» INFORMATION PROVIDED
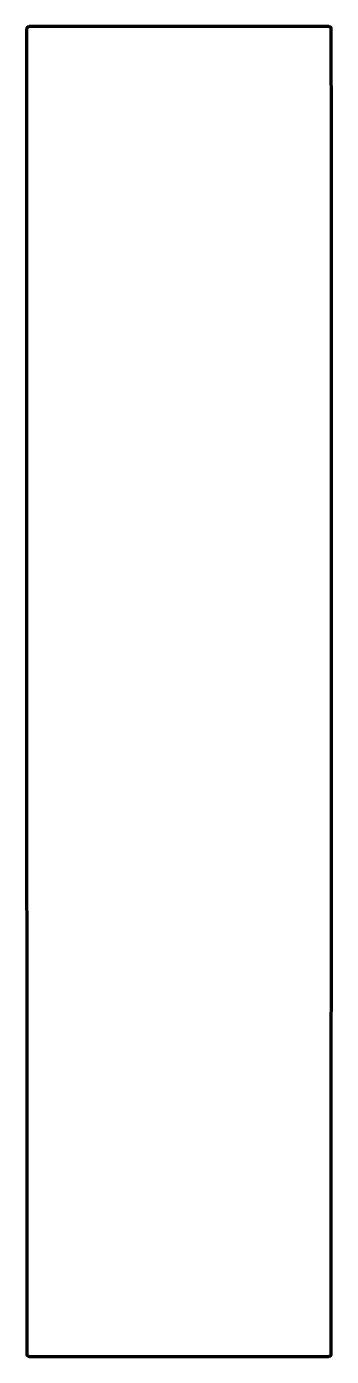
# Model space of a CAD drawing. Header units: millimetres. Extents: x 605 to 695, y 229 to 621.
import ezdxf

# ---------------------------------------------------------------- set-up
doc = ezdxf.new("R2010")
doc.units = ezdxf.units.MM
doc.layers.add('1', color=7, linetype='Continuous', true_color=0xffffff)

msp = doc.modelspace()

# ---------------------------------------------------------------- linework, layer by layer
at = {"layer": '1', "color": 155, "linetype": 'Continuous', "lineweight": 70}
for points, knots in [([(605.97, 620.58), (605.81, 620.58), (605.36, 620.48), (605.21, 620.03), (605.22, 619.8)], [0, 0, 0, 0, 0.417525, 1, 1, 1, 1]), ([(694.77, 619.8), (694.76, 619.9), (694.75, 620.14), (694.52, 620.51), (694.18, 620.58), (694.02, 620.58)], [0, 0, 0, 0, 0.243079, 0.590556, 1, 1, 1, 1]), ([(605.26, 230.19), (605.27, 230.1), (605.28, 229.85), (605.52, 229.49), (605.85, 229.42), (606.02, 229.42)], [0, 0, 0, 0, 0.238137, 0.588684, 1, 1, 1, 1]), ([(693.99, 229.42), (694.16, 229.42), (694.61, 229.51), (694.76, 229.97), (694.75, 230.2)], [0, 0, 0, 0, 0.420377, 1, 1, 1, 1])]:
    msp.add_open_spline(points, degree=3, knots=knots, dxfattribs=at)
for points in [[(605.22, 619.8), (605.22, 569.38), (605.21, 518.96), (605.22, 468.53)], [(650, 620.58), (635.32, 620.58), (620.65, 620.58), (605.97, 620.58)], [(694.02, 620.58), (679.35, 620.58), (664.67, 620.58), (650, 620.58)], [(694.79, 468.53), (694.78, 518.95), (694.78, 569.38), (694.77, 619.8)], [(605.22, 468.53), (605.22, 389.09), (605.23, 309.64), (605.26, 230.19)], [(694.75, 230.2), (694.77, 309.64), (694.79, 389.09), (694.79, 468.53)], [(606.02, 229.42), (620.68, 229.42), (635.34, 229.42), (650.01, 229.42)], [(650.01, 229.42), (664.67, 229.42), (679.33, 229.42), (693.99, 229.42)]]:
    msp.add_open_spline(points, degree=3, dxfattribs=at)

doc.saveas('drawing.dxf')

» TASK TO COMPLETE
When printing the entries, leave out the images and keep everything else exact.

» ANSWER FOR THIS EXERCISE
# Model space of a CAD drawing. Header units: millimetres. Extents: x 605 to 695, y 229 to 621.
import ezdxf

# ---------------------------------------------------------------- set-up
doc = ezdxf.new("R2010")
doc.units = ezdxf.units.MM
doc.layers.add('1', color=7, linetype='Continuous', true_color=0xffffff)

msp = doc.modelspace()

# ---------------------------------------------------------------- linework, layer by layer
at = {"layer": '1', "color": 155, "linetype": 'Continuous', "lineweight": 70}
for points, knots in [([(605.97, 620.58), (605.81, 620.58), (605.36, 620.48), (605.21, 620.03), (605.22, 619.8)], [0, 0, 0, 0, 0.417525, 1, 1, 1, 1]), ([(694.77, 619.8), (694.76, 619.9), (694.75, 620.14), (694.52, 620.51), (694.18, 620.58), (694.02, 620.58)], [0, 0, 0, 0, 0.243079, 0.590556, 1, 1, 1, 1]), ([(605.26, 230.19), (605.27, 230.1), (605.28, 229.85), (605.52, 229.49), (605.85, 229.42), (606.02, 229.42)], [0, 0, 0, 0, 0.238137, 0.588684, 1, 1, 1, 1]), ([(693.99, 229.42), (694.16, 229.42), (694.61, 229.51), (694.76, 229.97), (694.75, 230.2)], [0, 0, 0, 0, 0.420377, 1, 1, 1, 1])]:
    msp.add_open_spline(points, degree=3, knots=knots, dxfattribs=at)
for points in [[(605.22, 619.8), (605.22, 569.38), (605.21, 518.96), (605.22, 468.53)], [(650, 620.58), (635.32, 620.58), (620.65, 620.58), (605.97, 620.58)], [(694.02, 620.58), (679.35, 620.58), (664.67, 620.58), (650, 620.58)], [(694.79, 468.53), (694.78, 518.95), (694.78, 569.38), (694.77, 619.8)], [(605.22, 468.53), (605.22, 389.09), (605.23, 309.64), (605.26, 230.19)], [(694.75, 230.2), (694.77, 309.64), (694.79, 389.09), (694.79, 468.53)], [(606.02, 229.42), (620.68, 229.42), (635.34, 229.42), (650.01, 229.42)], [(650.01, 229.42), (664.67, 229.42), (679.33, 229.42), (693.99, 229.42)]]:
    msp.add_open_spline(points, degree=3, dxfattribs=at)

doc.saveas('drawing.dxf')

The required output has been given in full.